TASK INSTRUCTIONS — Exactly the lines from the start of the entries through the line with "#6442 = ORIENTED_EDGE" are required in the output, with no pictures among them.

SOURCE DATA —
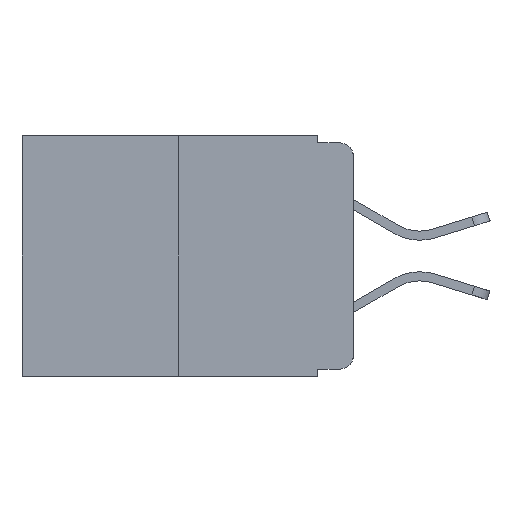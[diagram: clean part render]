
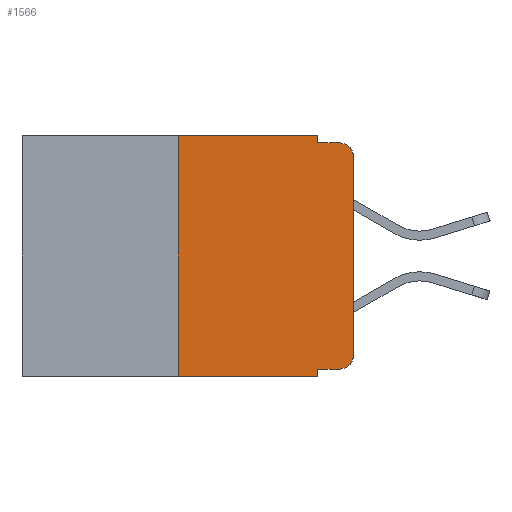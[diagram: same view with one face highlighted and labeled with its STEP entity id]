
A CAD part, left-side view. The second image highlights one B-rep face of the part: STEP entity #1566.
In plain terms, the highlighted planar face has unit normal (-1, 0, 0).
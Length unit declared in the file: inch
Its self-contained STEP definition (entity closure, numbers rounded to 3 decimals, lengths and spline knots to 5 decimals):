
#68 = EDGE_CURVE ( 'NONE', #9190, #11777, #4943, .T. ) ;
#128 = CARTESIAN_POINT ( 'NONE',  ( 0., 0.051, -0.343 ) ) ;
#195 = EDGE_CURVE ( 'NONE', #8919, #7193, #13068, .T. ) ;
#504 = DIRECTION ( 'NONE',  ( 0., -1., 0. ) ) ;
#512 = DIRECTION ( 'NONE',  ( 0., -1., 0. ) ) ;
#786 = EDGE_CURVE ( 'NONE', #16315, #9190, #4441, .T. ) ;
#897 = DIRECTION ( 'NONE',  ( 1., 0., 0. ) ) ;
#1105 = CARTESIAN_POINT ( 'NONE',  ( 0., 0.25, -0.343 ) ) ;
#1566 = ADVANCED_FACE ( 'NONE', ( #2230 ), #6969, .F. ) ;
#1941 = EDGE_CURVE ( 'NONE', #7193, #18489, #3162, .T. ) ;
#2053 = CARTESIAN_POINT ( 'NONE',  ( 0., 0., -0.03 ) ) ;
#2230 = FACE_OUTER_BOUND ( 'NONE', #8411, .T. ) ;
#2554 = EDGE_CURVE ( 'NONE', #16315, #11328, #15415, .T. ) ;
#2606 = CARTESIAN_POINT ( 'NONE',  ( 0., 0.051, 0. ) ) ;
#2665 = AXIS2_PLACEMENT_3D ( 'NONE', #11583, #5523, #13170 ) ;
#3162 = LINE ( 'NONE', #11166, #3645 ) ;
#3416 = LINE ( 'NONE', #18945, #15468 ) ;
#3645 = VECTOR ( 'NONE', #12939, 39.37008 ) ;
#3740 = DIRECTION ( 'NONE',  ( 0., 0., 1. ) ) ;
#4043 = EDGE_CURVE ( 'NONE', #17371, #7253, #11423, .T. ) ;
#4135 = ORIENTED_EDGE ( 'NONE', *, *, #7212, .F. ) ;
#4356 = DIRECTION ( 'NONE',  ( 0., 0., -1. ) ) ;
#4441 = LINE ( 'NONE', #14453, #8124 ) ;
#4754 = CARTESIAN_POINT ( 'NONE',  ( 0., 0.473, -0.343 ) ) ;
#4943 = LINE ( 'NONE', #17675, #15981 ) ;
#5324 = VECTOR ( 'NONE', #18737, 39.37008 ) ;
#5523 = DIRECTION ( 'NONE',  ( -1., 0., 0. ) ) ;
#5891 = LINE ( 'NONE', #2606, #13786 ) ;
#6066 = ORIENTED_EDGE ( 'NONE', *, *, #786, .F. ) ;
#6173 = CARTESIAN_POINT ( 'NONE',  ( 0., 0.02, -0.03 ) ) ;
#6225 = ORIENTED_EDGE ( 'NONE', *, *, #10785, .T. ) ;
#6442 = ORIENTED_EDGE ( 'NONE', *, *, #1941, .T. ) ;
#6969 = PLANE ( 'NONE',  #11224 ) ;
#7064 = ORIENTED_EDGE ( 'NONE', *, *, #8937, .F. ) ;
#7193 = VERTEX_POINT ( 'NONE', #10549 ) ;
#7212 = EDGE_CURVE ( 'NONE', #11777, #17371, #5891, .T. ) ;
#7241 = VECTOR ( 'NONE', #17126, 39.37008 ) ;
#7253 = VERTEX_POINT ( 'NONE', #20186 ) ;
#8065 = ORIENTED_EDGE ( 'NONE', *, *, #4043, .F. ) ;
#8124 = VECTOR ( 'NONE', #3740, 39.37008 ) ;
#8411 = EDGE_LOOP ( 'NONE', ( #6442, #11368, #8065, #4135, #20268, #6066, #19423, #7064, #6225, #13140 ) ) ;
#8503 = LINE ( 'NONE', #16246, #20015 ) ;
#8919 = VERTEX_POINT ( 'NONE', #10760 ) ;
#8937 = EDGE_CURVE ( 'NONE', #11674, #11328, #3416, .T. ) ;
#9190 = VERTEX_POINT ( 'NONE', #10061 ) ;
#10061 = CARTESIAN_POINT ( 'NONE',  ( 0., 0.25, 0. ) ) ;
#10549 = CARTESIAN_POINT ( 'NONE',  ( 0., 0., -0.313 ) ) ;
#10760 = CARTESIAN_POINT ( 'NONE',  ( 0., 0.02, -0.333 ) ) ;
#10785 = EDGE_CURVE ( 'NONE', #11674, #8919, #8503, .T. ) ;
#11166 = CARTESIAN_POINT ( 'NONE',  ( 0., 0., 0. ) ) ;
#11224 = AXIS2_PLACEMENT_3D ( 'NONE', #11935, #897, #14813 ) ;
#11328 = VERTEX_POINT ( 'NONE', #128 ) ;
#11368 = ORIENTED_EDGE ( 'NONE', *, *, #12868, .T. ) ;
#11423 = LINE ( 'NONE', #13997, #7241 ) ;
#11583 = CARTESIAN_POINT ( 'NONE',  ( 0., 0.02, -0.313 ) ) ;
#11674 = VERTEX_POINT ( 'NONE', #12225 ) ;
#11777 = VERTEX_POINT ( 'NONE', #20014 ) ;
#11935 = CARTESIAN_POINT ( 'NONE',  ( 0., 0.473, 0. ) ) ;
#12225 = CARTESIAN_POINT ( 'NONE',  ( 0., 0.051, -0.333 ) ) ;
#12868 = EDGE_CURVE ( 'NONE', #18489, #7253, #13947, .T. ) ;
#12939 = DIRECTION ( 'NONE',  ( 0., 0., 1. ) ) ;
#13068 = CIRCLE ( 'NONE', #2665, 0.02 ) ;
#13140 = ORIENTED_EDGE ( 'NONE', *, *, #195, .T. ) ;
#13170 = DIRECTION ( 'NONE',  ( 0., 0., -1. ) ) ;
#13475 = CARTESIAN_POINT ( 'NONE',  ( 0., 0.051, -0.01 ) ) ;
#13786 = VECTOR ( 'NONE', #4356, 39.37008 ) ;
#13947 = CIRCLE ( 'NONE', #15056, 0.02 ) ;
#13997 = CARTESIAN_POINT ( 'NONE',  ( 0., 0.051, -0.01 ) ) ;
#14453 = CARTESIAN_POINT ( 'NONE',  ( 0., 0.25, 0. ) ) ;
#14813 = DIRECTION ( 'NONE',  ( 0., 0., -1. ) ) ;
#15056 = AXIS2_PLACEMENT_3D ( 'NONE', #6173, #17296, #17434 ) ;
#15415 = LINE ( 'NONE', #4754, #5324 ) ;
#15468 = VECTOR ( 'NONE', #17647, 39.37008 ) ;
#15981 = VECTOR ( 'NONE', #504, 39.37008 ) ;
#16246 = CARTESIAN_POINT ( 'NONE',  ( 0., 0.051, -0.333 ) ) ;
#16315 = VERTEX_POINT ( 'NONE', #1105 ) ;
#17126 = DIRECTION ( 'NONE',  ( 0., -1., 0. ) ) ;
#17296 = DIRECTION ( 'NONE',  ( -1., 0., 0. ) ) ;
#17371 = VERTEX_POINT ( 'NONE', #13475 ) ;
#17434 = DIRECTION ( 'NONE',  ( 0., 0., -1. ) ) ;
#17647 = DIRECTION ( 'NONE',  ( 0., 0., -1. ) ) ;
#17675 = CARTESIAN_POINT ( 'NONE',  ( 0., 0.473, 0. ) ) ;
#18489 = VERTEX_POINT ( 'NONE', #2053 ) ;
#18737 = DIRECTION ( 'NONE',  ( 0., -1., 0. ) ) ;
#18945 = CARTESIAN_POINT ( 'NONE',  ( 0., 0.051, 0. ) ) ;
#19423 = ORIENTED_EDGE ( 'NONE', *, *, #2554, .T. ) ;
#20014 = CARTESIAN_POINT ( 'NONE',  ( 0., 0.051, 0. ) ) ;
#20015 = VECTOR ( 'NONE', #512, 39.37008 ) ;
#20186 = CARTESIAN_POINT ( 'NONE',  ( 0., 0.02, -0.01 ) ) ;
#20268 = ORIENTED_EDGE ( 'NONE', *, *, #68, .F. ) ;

RESPONSE BOX —
[diagram: clean part render]
[diagram: same view with one face highlighted and labeled with its STEP entity id]
A CAD part, left-side view. The second image highlights one B-rep face of the part: STEP entity #1566.
In plain terms, the highlighted planar face has unit normal (-1, 0, 0).
Length unit declared in the file: inch
Its self-contained STEP definition (entity closure, numbers rounded to 3 decimals, lengths and spline knots to 5 decimals):
#68 = EDGE_CURVE ( 'NONE', #9190, #11777, #4943, .T. ) ;
#128 = CARTESIAN_POINT ( 'NONE',  ( 0., 0.051, -0.343 ) ) ;
#195 = EDGE_CURVE ( 'NONE', #8919, #7193, #13068, .T. ) ;
#504 = DIRECTION ( 'NONE',  ( 0., -1., 0. ) ) ;
#512 = DIRECTION ( 'NONE',  ( 0., -1., 0. ) ) ;
#786 = EDGE_CURVE ( 'NONE', #16315, #9190, #4441, .T. ) ;
#897 = DIRECTION ( 'NONE',  ( 1., 0., 0. ) ) ;
#1105 = CARTESIAN_POINT ( 'NONE',  ( 0., 0.25, -0.343 ) ) ;
#1566 = ADVANCED_FACE ( 'NONE', ( #2230 ), #6969, .F. ) ;
#1941 = EDGE_CURVE ( 'NONE', #7193, #18489, #3162, .T. ) ;
#2053 = CARTESIAN_POINT ( 'NONE',  ( 0., 0., -0.03 ) ) ;
#2230 = FACE_OUTER_BOUND ( 'NONE', #8411, .T. ) ;
#2554 = EDGE_CURVE ( 'NONE', #16315, #11328, #15415, .T. ) ;
#2606 = CARTESIAN_POINT ( 'NONE',  ( 0., 0.051, 0. ) ) ;
#2665 = AXIS2_PLACEMENT_3D ( 'NONE', #11583, #5523, #13170 ) ;
#3162 = LINE ( 'NONE', #11166, #3645 ) ;
#3416 = LINE ( 'NONE', #18945, #15468 ) ;
#3645 = VECTOR ( 'NONE', #12939, 39.37008 ) ;
#3740 = DIRECTION ( 'NONE',  ( 0., 0., 1. ) ) ;
#4043 = EDGE_CURVE ( 'NONE', #17371, #7253, #11423, .T. ) ;
#4135 = ORIENTED_EDGE ( 'NONE', *, *, #7212, .F. ) ;
#4356 = DIRECTION ( 'NONE',  ( 0., 0., -1. ) ) ;
#4441 = LINE ( 'NONE', #14453, #8124 ) ;
#4754 = CARTESIAN_POINT ( 'NONE',  ( 0., 0.473, -0.343 ) ) ;
#4943 = LINE ( 'NONE', #17675, #15981 ) ;
#5324 = VECTOR ( 'NONE', #18737, 39.37008 ) ;
#5523 = DIRECTION ( 'NONE',  ( -1., 0., 0. ) ) ;
#5891 = LINE ( 'NONE', #2606, #13786 ) ;
#6066 = ORIENTED_EDGE ( 'NONE', *, *, #786, .F. ) ;
#6173 = CARTESIAN_POINT ( 'NONE',  ( 0., 0.02, -0.03 ) ) ;
#6225 = ORIENTED_EDGE ( 'NONE', *, *, #10785, .T. ) ;
#6442 = ORIENTED_EDGE ( 'NONE', *, *, #1941, .T. ) ;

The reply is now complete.